= Beginning of Section =

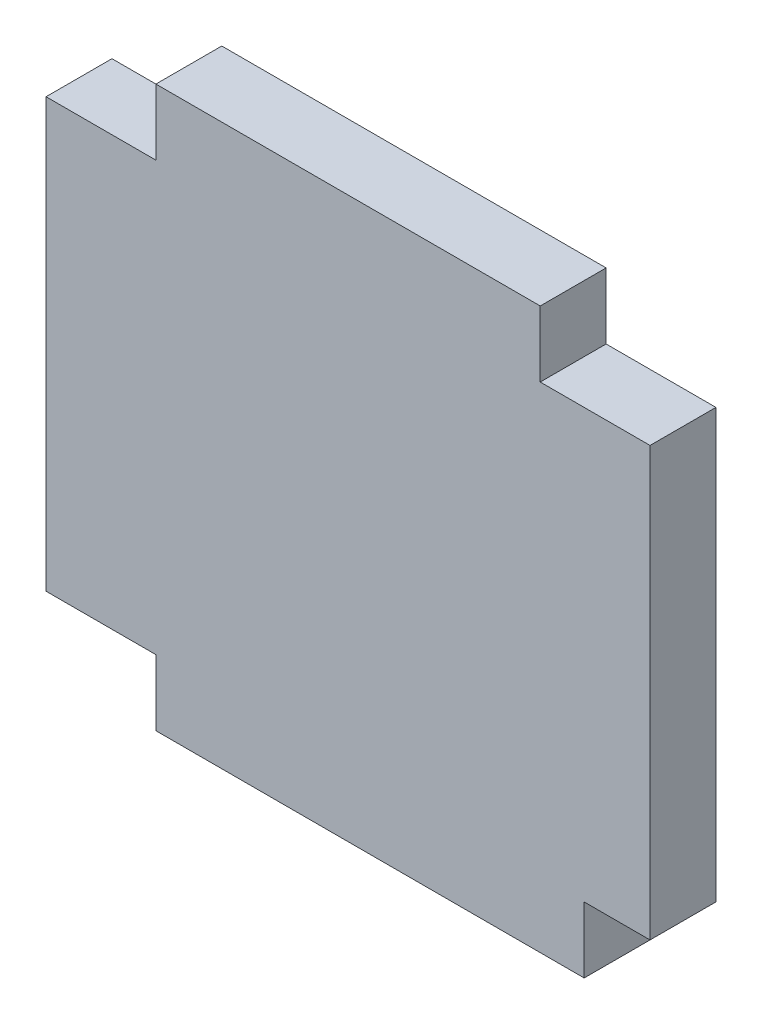
ISO-10303-21;
HEADER;
FILE_DESCRIPTION(('STEP AP214'),'2;1');
FILE_NAME('part.step','',(''),(''),'','','');
FILE_SCHEMA(('AUTOMOTIVE_DESIGN { 1 0 10303 214 1 1 1 1 }'));
ENDSEC;
DATA;
#1=APPLICATION_CONTEXT('core data for automotive mechanical design processes');
#2=APPLICATION_PROTOCOL_DEFINITION('international standard','automotive_design',2000,#1);
#3=PRODUCT_CONTEXT('',#1,'mechanical');
#4=PRODUCT('Part','Part','',(#3));
#5=PRODUCT_RELATED_PRODUCT_CATEGORY('part','',(#4));
#6=PRODUCT_DEFINITION_FORMATION('','',#4);
#7=PRODUCT_DEFINITION_CONTEXT('part definition',#1,'design');
#8=PRODUCT_DEFINITION('design','',#6,#7);
#9=PRODUCT_DEFINITION_SHAPE('','',#8);
#10=(LENGTH_UNIT() NAMED_UNIT(*) SI_UNIT(.MILLI.,.METRE.));
#11=(NAMED_UNIT(*) PLANE_ANGLE_UNIT() SI_UNIT($,.RADIAN.));
#12=(NAMED_UNIT(*) SI_UNIT($,.STERADIAN.) SOLID_ANGLE_UNIT());
#13=UNCERTAINTY_MEASURE_WITH_UNIT(LENGTH_MEASURE(1.E-05),#10,'distance_accuracy_value','');
#14=(GEOMETRIC_REPRESENTATION_CONTEXT(3) GLOBAL_UNCERTAINTY_ASSIGNED_CONTEXT((#13)) GLOBAL_UNIT_ASSIGNED_CONTEXT((#10,
#11,#12)) REPRESENTATION_CONTEXT('',''));
#15=CARTESIAN_POINT('',(0.,0.,0.));
#16=DIRECTION('',(0.,0.,1.));
#17=DIRECTION('',(1.,0.,0.));
#18=AXIS2_PLACEMENT_3D('',#15,#16,#17);
#19=CARTESIAN_POINT('',(0.,45.,6.));
#20=DIRECTION('',(1.,0.,0.));
#21=DIRECTION('',(0.,1.,0.));
#22=AXIS2_PLACEMENT_3D('',#19,#20,#21);
#23=PLANE('',#22);
#24=DIRECTION('',(0.,-1.,0.));
#25=VECTOR('',#24,1.);
#26=CARTESIAN_POINT('',(0.,45.,6.));
#27=LINE('',#26,#25);
#28=CARTESIAN_POINT('',(0.,39.,6.));
#29=VERTEX_POINT('',#28);
#30=CARTESIAN_POINT('',(0.,0.,6.));
#31=VERTEX_POINT('',#30);
#32=EDGE_CURVE('E136',#29,#31,#27,.T.);
#33=ORIENTED_EDGE('',*,*,#32,.F.);
#34=DIRECTION('',(0.,0.,1.));
#35=VECTOR('',#34,1.);
#36=CARTESIAN_POINT('',(0.,39.,0.));
#37=LINE('',#36,#35);
#38=CARTESIAN_POINT('',(0.,39.,0.));
#39=VERTEX_POINT('',#38);
#40=EDGE_CURVE('E124',#39,#29,#37,.T.);
#41=ORIENTED_EDGE('',*,*,#40,.F.);
#42=DIRECTION('',(0.,-1.,0.));
#43=VECTOR('',#42,1.);
#44=CARTESIAN_POINT('',(0.,45.,0.));
#45=LINE('',#44,#43);
#46=CARTESIAN_POINT('',(0.,0.,0.));
#47=VERTEX_POINT('',#46);
#48=EDGE_CURVE('E134',#39,#47,#45,.T.);
#49=ORIENTED_EDGE('',*,*,#48,.T.);
#50=DIRECTION('',(0.,0.,-1.));
#51=VECTOR('',#50,1.);
#52=CARTESIAN_POINT('',(0.,0.,6.));
#53=LINE('',#52,#51);
#54=EDGE_CURVE('E11',#31,#47,#53,.T.);
#55=ORIENTED_EDGE('',*,*,#54,.F.);
#56=EDGE_LOOP('',(#33,#41,#49,#55));
#57=FACE_BOUND('',#56,.T.);
#58=ADVANCED_FACE('F33',(#57),#23,.F.);
#59=CARTESIAN_POINT('',(0.,0.,6.));
#60=DIRECTION('',(0.,1.,0.));
#61=DIRECTION('',(0.,0.,1.));
#62=AXIS2_PLACEMENT_3D('',#59,#60,#61);
#63=PLANE('',#62);
#64=DIRECTION('',(1.,0.,0.));
#65=VECTOR('',#64,1.);
#66=CARTESIAN_POINT('',(0.,0.,0.));
#67=LINE('',#66,#65);
#68=CARTESIAN_POINT('',(10.,0.,0.));
#69=VERTEX_POINT('',#68);
#70=EDGE_CURVE('E140',#47,#69,#67,.T.);
#71=ORIENTED_EDGE('',*,*,#70,.T.);
#72=DIRECTION('',(0.,0.,-1.));
#73=VECTOR('',#72,1.);
#74=CARTESIAN_POINT('',(10.,0.,6.));
#75=LINE('',#74,#73);
#76=CARTESIAN_POINT('',(10.,0.,6.));
#77=VERTEX_POINT('',#76);
#78=EDGE_CURVE('E40',#77,#69,#75,.T.);
#79=ORIENTED_EDGE('',*,*,#78,.F.);
#80=DIRECTION('',(1.,0.,0.));
#81=VECTOR('',#80,1.);
#82=CARTESIAN_POINT('',(0.,0.,6.));
#83=LINE('',#82,#81);
#84=EDGE_CURVE('E241',#31,#77,#83,.T.);
#85=ORIENTED_EDGE('',*,*,#84,.F.);
#86=ORIENTED_EDGE('',*,*,#54,.T.);
#87=EDGE_LOOP('',(#71,#79,#85,#86));
#88=FACE_BOUND('',#87,.T.);
#89=ADVANCED_FACE('F242',(#88),#63,.F.);
#90=CARTESIAN_POINT('',(10.,-6.,6.));
#91=DIRECTION('',(1.,0.,0.));
#92=DIRECTION('',(0.,0.,-1.));
#93=AXIS2_PLACEMENT_3D('',#90,#91,#92);
#94=PLANE('',#93);
#95=DIRECTION('',(0.,-1.,0.));
#96=VECTOR('',#95,1.);
#97=CARTESIAN_POINT('',(10.,-6.,0.));
#98=LINE('',#97,#96);
#99=CARTESIAN_POINT('',(10.,-6.,0.));
#100=VERTEX_POINT('',#99);
#101=EDGE_CURVE('E143',#69,#100,#98,.T.);
#102=ORIENTED_EDGE('',*,*,#101,.T.);
#103=DIRECTION('',(0.,0.,-1.));
#104=VECTOR('',#103,1.);
#105=CARTESIAN_POINT('',(10.,-6.,6.));
#106=LINE('',#105,#104);
#107=CARTESIAN_POINT('',(10.,-6.,6.));
#108=VERTEX_POINT('',#107);
#109=EDGE_CURVE('E173',#108,#100,#106,.T.);
#110=ORIENTED_EDGE('',*,*,#109,.F.);
#111=DIRECTION('',(0.,-1.,0.));
#112=VECTOR('',#111,1.);
#113=CARTESIAN_POINT('',(10.,-6.,6.));
#114=LINE('',#113,#112);
#115=EDGE_CURVE('E181',#77,#108,#114,.T.);
#116=ORIENTED_EDGE('',*,*,#115,.F.);
#117=ORIENTED_EDGE('',*,*,#78,.T.);
#118=EDGE_LOOP('',(#102,#110,#116,#117));
#119=FACE_BOUND('',#118,.T.);
#120=ADVANCED_FACE('F179',(#119),#94,.F.);
#121=CARTESIAN_POINT('',(10.,-6.,6.));
#122=DIRECTION('',(0.,1.,0.));
#123=DIRECTION('',(0.,0.,1.));
#124=AXIS2_PLACEMENT_3D('',#121,#122,#123);
#125=PLANE('',#124);
#126=DIRECTION('',(1.,0.,0.));
#127=VECTOR('',#126,1.);
#128=CARTESIAN_POINT('',(10.,-6.,0.));
#129=LINE('',#128,#127);
#130=CARTESIAN_POINT('',(49.,-6.,0.));
#131=VERTEX_POINT('',#130);
#132=EDGE_CURVE('E152',#100,#131,#129,.T.);
#133=ORIENTED_EDGE('',*,*,#132,.T.);
#134=DIRECTION('',(0.,0.,-1.));
#135=VECTOR('',#134,1.);
#136=CARTESIAN_POINT('',(49.,-6.,6.));
#137=LINE('',#136,#135);
#138=CARTESIAN_POINT('',(49.,-6.,6.));
#139=VERTEX_POINT('',#138);
#140=EDGE_CURVE('E170',#139,#131,#137,.T.);
#141=ORIENTED_EDGE('',*,*,#140,.F.);
#142=DIRECTION('',(1.,0.,0.));
#143=VECTOR('',#142,1.);
#144=CARTESIAN_POINT('',(10.,-6.,6.));
#145=LINE('',#144,#143);
#146=EDGE_CURVE('E199',#108,#139,#145,.T.);
#147=ORIENTED_EDGE('',*,*,#146,.F.);
#148=ORIENTED_EDGE('',*,*,#109,.T.);
#149=EDGE_LOOP('',(#133,#141,#147,#148));
#150=FACE_BOUND('',#149,.T.);
#151=ADVANCED_FACE('F189',(#150),#125,.F.);
#152=CARTESIAN_POINT('',(49.,-6.,6.));
#153=DIRECTION('',(-1.,0.,0.));
#154=DIRECTION('',(0.,0.,1.));
#155=AXIS2_PLACEMENT_3D('',#152,#153,#154);
#156=PLANE('',#155);
#157=DIRECTION('',(0.,1.,0.));
#158=VECTOR('',#157,1.);
#159=CARTESIAN_POINT('',(49.,-6.,0.));
#160=LINE('',#159,#158);
#161=CARTESIAN_POINT('',(49.,0.,0.));
#162=VERTEX_POINT('',#161);
#163=EDGE_CURVE('E154',#131,#162,#160,.T.);
#164=ORIENTED_EDGE('',*,*,#163,.T.);
#165=DIRECTION('',(0.,0.,-1.));
#166=VECTOR('',#165,1.);
#167=CARTESIAN_POINT('',(49.,0.,6.));
#168=LINE('',#167,#166);
#169=CARTESIAN_POINT('',(49.,0.,6.));
#170=VERTEX_POINT('',#169);
#171=EDGE_CURVE('E167',#170,#162,#168,.T.);
#172=ORIENTED_EDGE('',*,*,#171,.F.);
#173=DIRECTION('',(0.,1.,0.));
#174=VECTOR('',#173,1.);
#175=CARTESIAN_POINT('',(49.,-6.,6.));
#176=LINE('',#175,#174);
#177=EDGE_CURVE('E195',#139,#170,#176,.T.);
#178=ORIENTED_EDGE('',*,*,#177,.F.);
#179=ORIENTED_EDGE('',*,*,#140,.T.);
#180=EDGE_LOOP('',(#164,#172,#178,#179));
#181=FACE_BOUND('',#180,.T.);
#182=ADVANCED_FACE('F193',(#181),#156,.F.);
#183=CARTESIAN_POINT('',(55.,0.,6.));
#184=DIRECTION('',(0.,1.,0.));
#185=DIRECTION('',(-1.,0.,0.));
#186=AXIS2_PLACEMENT_3D('',#183,#184,#185);
#187=PLANE('',#186);
#188=DIRECTION('',(1.,0.,0.));
#189=VECTOR('',#188,1.);
#190=CARTESIAN_POINT('',(55.,0.,0.));
#191=LINE('',#190,#189);
#192=CARTESIAN_POINT('',(55.,0.,0.));
#193=VERTEX_POINT('',#192);
#194=EDGE_CURVE('E156',#162,#193,#191,.T.);
#195=ORIENTED_EDGE('',*,*,#194,.T.);
#196=DIRECTION('',(0.,0.,-1.));
#197=VECTOR('',#196,1.);
#198=CARTESIAN_POINT('',(55.,0.,6.));
#199=LINE('',#198,#197);
#200=CARTESIAN_POINT('',(55.,0.,6.));
#201=VERTEX_POINT('',#200);
#202=EDGE_CURVE('E164',#201,#193,#199,.T.);
#203=ORIENTED_EDGE('',*,*,#202,.F.);
#204=DIRECTION('',(1.,0.,0.));
#205=VECTOR('',#204,1.);
#206=CARTESIAN_POINT('',(55.,0.,6.));
#207=LINE('',#206,#205);
#208=EDGE_CURVE('E198',#170,#201,#207,.T.);
#209=ORIENTED_EDGE('',*,*,#208,.F.);
#210=ORIENTED_EDGE('',*,*,#171,.T.);
#211=EDGE_LOOP('',(#195,#203,#209,#210));
#212=FACE_BOUND('',#211,.T.);
#213=ADVANCED_FACE('F255',(#212),#187,.F.);
#214=CARTESIAN_POINT('',(55.,45.,6.));
#215=DIRECTION('',(-1.,0.,0.));
#216=DIRECTION('',(0.,-1.,0.));
#217=AXIS2_PLACEMENT_3D('',#214,#215,#216);
#218=PLANE('',#217);
#219=DIRECTION('',(0.,1.,0.));
#220=VECTOR('',#219,1.);
#221=CARTESIAN_POINT('',(55.,45.,0.));
#222=LINE('',#221,#220);
#223=CARTESIAN_POINT('',(55.,39.,0.));
#224=VERTEX_POINT('',#223);
#225=EDGE_CURVE('E158',#193,#224,#222,.T.);
#226=ORIENTED_EDGE('',*,*,#225,.T.);
#227=DIRECTION('',(0.,0.,1.));
#228=VECTOR('',#227,1.);
#229=CARTESIAN_POINT('',(55.,39.,0.));
#230=LINE('',#229,#228);
#231=CARTESIAN_POINT('',(55.,39.,6.));
#232=VERTEX_POINT('',#231);
#233=EDGE_CURVE('E226',#224,#232,#230,.T.);
#234=ORIENTED_EDGE('',*,*,#233,.T.);
#235=DIRECTION('',(0.,1.,0.));
#236=VECTOR('',#235,1.);
#237=CARTESIAN_POINT('',(55.,45.,6.));
#238=LINE('',#237,#236);
#239=EDGE_CURVE('E201',#201,#232,#238,.T.);
#240=ORIENTED_EDGE('',*,*,#239,.F.);
#241=ORIENTED_EDGE('',*,*,#202,.T.);
#242=EDGE_LOOP('',(#226,#234,#240,#241));
#243=FACE_BOUND('',#242,.T.);
#244=ADVANCED_FACE('F258',(#243),#218,.F.);
#245=CARTESIAN_POINT('',(0.,45.,6.));
#246=DIRECTION('',(0.,-1.,0.));
#247=DIRECTION('',(0.,0.,-1.));
#248=AXIS2_PLACEMENT_3D('',#245,#246,#247);
#249=PLANE('',#248);
#250=DIRECTION('',(-1.,0.,0.));
#251=VECTOR('',#250,1.);
#252=CARTESIAN_POINT('',(0.,45.,0.));
#253=LINE('',#252,#251);
#254=CARTESIAN_POINT('',(45.,45.,0.));
#255=VERTEX_POINT('',#254);
#256=CARTESIAN_POINT('',(10.,45.,0.));
#257=VERTEX_POINT('',#256);
#258=EDGE_CURVE('E161',#255,#257,#253,.T.);
#259=ORIENTED_EDGE('',*,*,#258,.T.);
#260=DIRECTION('',(0.,0.,1.));
#261=VECTOR('',#260,1.);
#262=CARTESIAN_POINT('',(10.,45.,0.));
#263=LINE('',#262,#261);
#264=CARTESIAN_POINT('',(10.,45.,6.));
#265=VERTEX_POINT('',#264);
#266=EDGE_CURVE('E141',#257,#265,#263,.T.);
#267=ORIENTED_EDGE('',*,*,#266,.T.);
#268=DIRECTION('',(-1.,0.,0.));
#269=VECTOR('',#268,1.);
#270=CARTESIAN_POINT('',(0.,45.,6.));
#271=LINE('',#270,#269);
#272=CARTESIAN_POINT('',(45.,45.,6.));
#273=VERTEX_POINT('',#272);
#274=EDGE_CURVE('E148',#273,#265,#271,.T.);
#275=ORIENTED_EDGE('',*,*,#274,.F.);
#276=DIRECTION('',(0.,0.,1.));
#277=VECTOR('',#276,1.);
#278=CARTESIAN_POINT('',(45.,45.,0.));
#279=LINE('',#278,#277);
#280=EDGE_CURVE('E218',#255,#273,#279,.T.);
#281=ORIENTED_EDGE('',*,*,#280,.F.);
#282=EDGE_LOOP('',(#259,#267,#275,#281));
#283=FACE_BOUND('',#282,.T.);
#284=ADVANCED_FACE('F217',(#283),#249,.F.);
#285=CARTESIAN_POINT('',(0.,0.,6.));
#286=DIRECTION('',(0.,0.,1.));
#287=DIRECTION('',(1.,0.,0.));
#288=AXIS2_PLACEMENT_3D('',#285,#286,#287);
#289=PLANE('',#288);
#290=DIRECTION('',(0.,1.,0.));
#291=VECTOR('',#290,1.);
#292=CARTESIAN_POINT('',(10.,45.,6.));
#293=LINE('',#292,#291);
#294=CARTESIAN_POINT('',(10.,39.,6.));
#295=VERTEX_POINT('',#294);
#296=EDGE_CURVE('E129',#295,#265,#293,.T.);
#297=ORIENTED_EDGE('',*,*,#296,.F.);
#298=DIRECTION('',(1.,0.,0.));
#299=VECTOR('',#298,1.);
#300=CARTESIAN_POINT('',(0.,39.,6.));
#301=LINE('',#300,#299);
#302=EDGE_CURVE('E224',#29,#295,#301,.T.);
#303=ORIENTED_EDGE('',*,*,#302,.F.);
#304=ORIENTED_EDGE('',*,*,#32,.T.);
#305=ORIENTED_EDGE('',*,*,#84,.T.);
#306=ORIENTED_EDGE('',*,*,#115,.T.);
#307=ORIENTED_EDGE('',*,*,#146,.T.);
#308=ORIENTED_EDGE('',*,*,#177,.T.);
#309=ORIENTED_EDGE('',*,*,#208,.T.);
#310=ORIENTED_EDGE('',*,*,#239,.T.);
#311=DIRECTION('',(1.,0.,0.));
#312=VECTOR('',#311,1.);
#313=CARTESIAN_POINT('',(55.,39.,6.));
#314=LINE('',#313,#312);
#315=CARTESIAN_POINT('',(45.,39.,6.));
#316=VERTEX_POINT('',#315);
#317=EDGE_CURVE('E231',#316,#232,#314,.T.);
#318=ORIENTED_EDGE('',*,*,#317,.F.);
#319=DIRECTION('',(0.,-1.,0.));
#320=VECTOR('',#319,1.);
#321=CARTESIAN_POINT('',(45.,45.,6.));
#322=LINE('',#321,#320);
#323=EDGE_CURVE('E214',#273,#316,#322,.T.);
#324=ORIENTED_EDGE('',*,*,#323,.F.);
#325=ORIENTED_EDGE('',*,*,#274,.T.);
#326=EDGE_LOOP('',(#297,#303,#304,#305,#306,#307,#308,#309,#310,#318,#324,#325));
#327=FACE_BOUND('',#326,.T.);
#328=ADVANCED_FACE('F212',(#327),#289,.T.);
#329=CARTESIAN_POINT('',(0.,0.,0.));
#330=DIRECTION('',(0.,0.,1.));
#331=DIRECTION('',(1.,0.,0.));
#332=AXIS2_PLACEMENT_3D('',#329,#330,#331);
#333=PLANE('',#332);
#334=DIRECTION('',(1.,0.,0.));
#335=VECTOR('',#334,1.);
#336=CARTESIAN_POINT('',(0.,39.,0.));
#337=LINE('',#336,#335);
#338=CARTESIAN_POINT('',(10.,39.,0.));
#339=VERTEX_POINT('',#338);
#340=EDGE_CURVE('E120',#39,#339,#337,.T.);
#341=ORIENTED_EDGE('',*,*,#340,.T.);
#342=DIRECTION('',(0.,1.,0.));
#343=VECTOR('',#342,1.);
#344=CARTESIAN_POINT('',(10.,45.,0.));
#345=LINE('',#344,#343);
#346=EDGE_CURVE('E47',#339,#257,#345,.T.);
#347=ORIENTED_EDGE('',*,*,#346,.T.);
#348=ORIENTED_EDGE('',*,*,#258,.F.);
#349=DIRECTION('',(0.,-1.,0.));
#350=VECTOR('',#349,1.);
#351=CARTESIAN_POINT('',(45.,45.,0.));
#352=LINE('',#351,#350);
#353=CARTESIAN_POINT('',(45.,39.,0.));
#354=VERTEX_POINT('',#353);
#355=EDGE_CURVE('E229',#255,#354,#352,.T.);
#356=ORIENTED_EDGE('',*,*,#355,.T.);
#357=DIRECTION('',(1.,0.,0.));
#358=VECTOR('',#357,1.);
#359=CARTESIAN_POINT('',(55.,39.,0.));
#360=LINE('',#359,#358);
#361=EDGE_CURVE('E55',#354,#224,#360,.T.);
#362=ORIENTED_EDGE('',*,*,#361,.T.);
#363=ORIENTED_EDGE('',*,*,#225,.F.);
#364=ORIENTED_EDGE('',*,*,#194,.F.);
#365=ORIENTED_EDGE('',*,*,#163,.F.);
#366=ORIENTED_EDGE('',*,*,#132,.F.);
#367=ORIENTED_EDGE('',*,*,#101,.F.);
#368=ORIENTED_EDGE('',*,*,#70,.F.);
#369=ORIENTED_EDGE('',*,*,#48,.F.);
#370=EDGE_LOOP('',(#341,#347,#348,#356,#362,#363,#364,#365,#366,#367,#368,#369));
#371=FACE_BOUND('',#370,.T.);
#372=ADVANCED_FACE('F138',(#371),#333,.F.);
#373=CARTESIAN_POINT('',(55.,39.,0.));
#374=DIRECTION('',(0.,-1.,0.));
#375=DIRECTION('',(0.,0.,-1.));
#376=AXIS2_PLACEMENT_3D('',#373,#374,#375);
#377=PLANE('',#376);
#378=ORIENTED_EDGE('',*,*,#317,.T.);
#379=ORIENTED_EDGE('',*,*,#233,.F.);
#380=ORIENTED_EDGE('',*,*,#361,.F.);
#381=DIRECTION('',(0.,0.,1.));
#382=VECTOR('',#381,1.);
#383=CARTESIAN_POINT('',(45.,39.,0.));
#384=LINE('',#383,#382);
#385=EDGE_CURVE('E237',#354,#316,#384,.T.);
#386=ORIENTED_EDGE('',*,*,#385,.T.);
#387=EDGE_LOOP('',(#378,#379,#380,#386));
#388=FACE_BOUND('',#387,.T.);
#389=ADVANCED_FACE('F267',(#388),#377,.F.);
#390=CARTESIAN_POINT('',(45.,45.,0.));
#391=DIRECTION('',(-1.,0.,0.));
#392=DIRECTION('',(0.,0.,1.));
#393=AXIS2_PLACEMENT_3D('',#390,#391,#392);
#394=PLANE('',#393);
#395=ORIENTED_EDGE('',*,*,#323,.T.);
#396=ORIENTED_EDGE('',*,*,#385,.F.);
#397=ORIENTED_EDGE('',*,*,#355,.F.);
#398=ORIENTED_EDGE('',*,*,#280,.T.);
#399=EDGE_LOOP('',(#395,#396,#397,#398));
#400=FACE_BOUND('',#399,.T.);
#401=ADVANCED_FACE('F270',(#400),#394,.F.);
#402=CARTESIAN_POINT('',(10.,45.,0.));
#403=DIRECTION('',(1.,0.,0.));
#404=DIRECTION('',(0.,0.,-1.));
#405=AXIS2_PLACEMENT_3D('',#402,#403,#404);
#406=PLANE('',#405);
#407=ORIENTED_EDGE('',*,*,#296,.T.);
#408=ORIENTED_EDGE('',*,*,#266,.F.);
#409=ORIENTED_EDGE('',*,*,#346,.F.);
#410=DIRECTION('',(0.,0.,1.));
#411=VECTOR('',#410,1.);
#412=CARTESIAN_POINT('',(10.,39.,0.));
#413=LINE('',#412,#411);
#414=EDGE_CURVE('E126',#339,#295,#413,.T.);
#415=ORIENTED_EDGE('',*,*,#414,.T.);
#416=EDGE_LOOP('',(#407,#408,#409,#415));
#417=FACE_BOUND('',#416,.T.);
#418=ADVANCED_FACE('F220',(#417),#406,.F.);
#419=CARTESIAN_POINT('',(0.,39.,0.));
#420=DIRECTION('',(0.,-1.,0.));
#421=DIRECTION('',(0.,0.,-1.));
#422=AXIS2_PLACEMENT_3D('',#419,#420,#421);
#423=PLANE('',#422);
#424=ORIENTED_EDGE('',*,*,#302,.T.);
#425=ORIENTED_EDGE('',*,*,#414,.F.);
#426=ORIENTED_EDGE('',*,*,#340,.F.);
#427=ORIENTED_EDGE('',*,*,#40,.T.);
#428=EDGE_LOOP('',(#424,#425,#426,#427));
#429=FACE_BOUND('',#428,.T.);
#430=ADVANCED_FACE('F123',(#429),#423,.F.);
#431=CLOSED_SHELL('',(#58,#89,#120,#151,#182,#213,#244,#284,#328,#372,#389,#401,#418,#430));
#432=MANIFOLD_SOLID_BREP('B2',#431);
#433=ADVANCED_BREP_SHAPE_REPRESENTATION('',(#18,#432),#14);
#434=SHAPE_DEFINITION_REPRESENTATION(#9,#433);
ENDSEC;
END-ISO-10303-21;

= End of Section =

EXERCISE. Reproduce exactly, and only, the lines from the opening line of the listing above through the line holding "#11=(NAMED_UNIT(*) PLANE_ANGLE_UNIT() SI_UNIT($,.RADIAN.));", minus the pictures.

RESULT FOR THIS TASK.
ISO-10303-21;
HEADER;
FILE_DESCRIPTION(('STEP AP214'),'2;1');
FILE_NAME('part.step','',(''),(''),'','','');
FILE_SCHEMA(('AUTOMOTIVE_DESIGN { 1 0 10303 214 1 1 1 1 }'));
ENDSEC;
DATA;
#1=APPLICATION_CONTEXT('core data for automotive mechanical design processes');
#2=APPLICATION_PROTOCOL_DEFINITION('international standard','automotive_design',2000,#1);
#3=PRODUCT_CONTEXT('',#1,'mechanical');
#4=PRODUCT('Part','Part','',(#3));
#5=PRODUCT_RELATED_PRODUCT_CATEGORY('part','',(#4));
#6=PRODUCT_DEFINITION_FORMATION('','',#4);
#7=PRODUCT_DEFINITION_CONTEXT('part definition',#1,'design');
#8=PRODUCT_DEFINITION('design','',#6,#7);
#9=PRODUCT_DEFINITION_SHAPE('','',#8);
#10=(LENGTH_UNIT() NAMED_UNIT(*) SI_UNIT(.MILLI.,.METRE.));
#11=(NAMED_UNIT(*) PLANE_ANGLE_UNIT() SI_UNIT($,.RADIAN.));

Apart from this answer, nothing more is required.